Dataset excerpts:

##############################

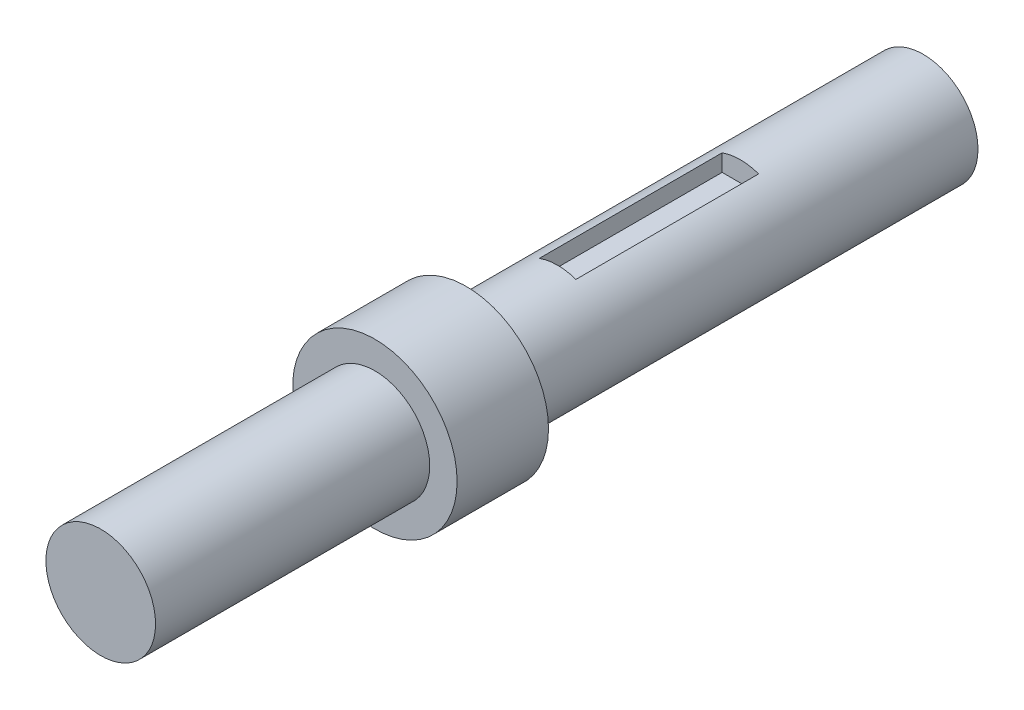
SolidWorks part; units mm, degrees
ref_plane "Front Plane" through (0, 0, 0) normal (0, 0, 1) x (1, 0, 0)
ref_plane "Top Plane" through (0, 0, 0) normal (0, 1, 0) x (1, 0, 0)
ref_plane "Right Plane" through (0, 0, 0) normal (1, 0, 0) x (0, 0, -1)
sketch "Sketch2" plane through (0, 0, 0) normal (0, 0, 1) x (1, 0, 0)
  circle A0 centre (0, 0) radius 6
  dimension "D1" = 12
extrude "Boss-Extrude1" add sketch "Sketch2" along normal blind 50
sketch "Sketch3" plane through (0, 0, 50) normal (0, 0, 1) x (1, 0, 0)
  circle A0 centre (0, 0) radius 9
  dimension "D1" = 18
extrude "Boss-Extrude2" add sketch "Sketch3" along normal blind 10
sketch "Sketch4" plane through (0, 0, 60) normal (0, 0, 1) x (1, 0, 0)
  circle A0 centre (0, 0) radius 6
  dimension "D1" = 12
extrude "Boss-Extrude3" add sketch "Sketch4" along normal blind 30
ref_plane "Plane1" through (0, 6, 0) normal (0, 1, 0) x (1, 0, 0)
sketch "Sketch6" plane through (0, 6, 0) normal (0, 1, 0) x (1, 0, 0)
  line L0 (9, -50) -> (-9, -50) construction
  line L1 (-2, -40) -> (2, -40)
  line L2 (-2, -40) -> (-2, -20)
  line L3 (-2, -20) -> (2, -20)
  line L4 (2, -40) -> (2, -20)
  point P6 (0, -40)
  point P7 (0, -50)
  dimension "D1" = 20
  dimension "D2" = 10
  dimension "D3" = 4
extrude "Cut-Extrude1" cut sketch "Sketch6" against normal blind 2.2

##############################

Go through the entries and filter for lines holding the word "blind"; copy each match.

extrude "Boss-Extrude1" add sketch "Sketch2" along normal blind 50
extrude "Boss-Extrude2" add sketch "Sketch3" along normal blind 10
extrude "Boss-Extrude3" add sketch "Sketch4" along normal blind 30
extrude "Cut-Extrude1" cut sketch "Sketch6" against normal blind 2.2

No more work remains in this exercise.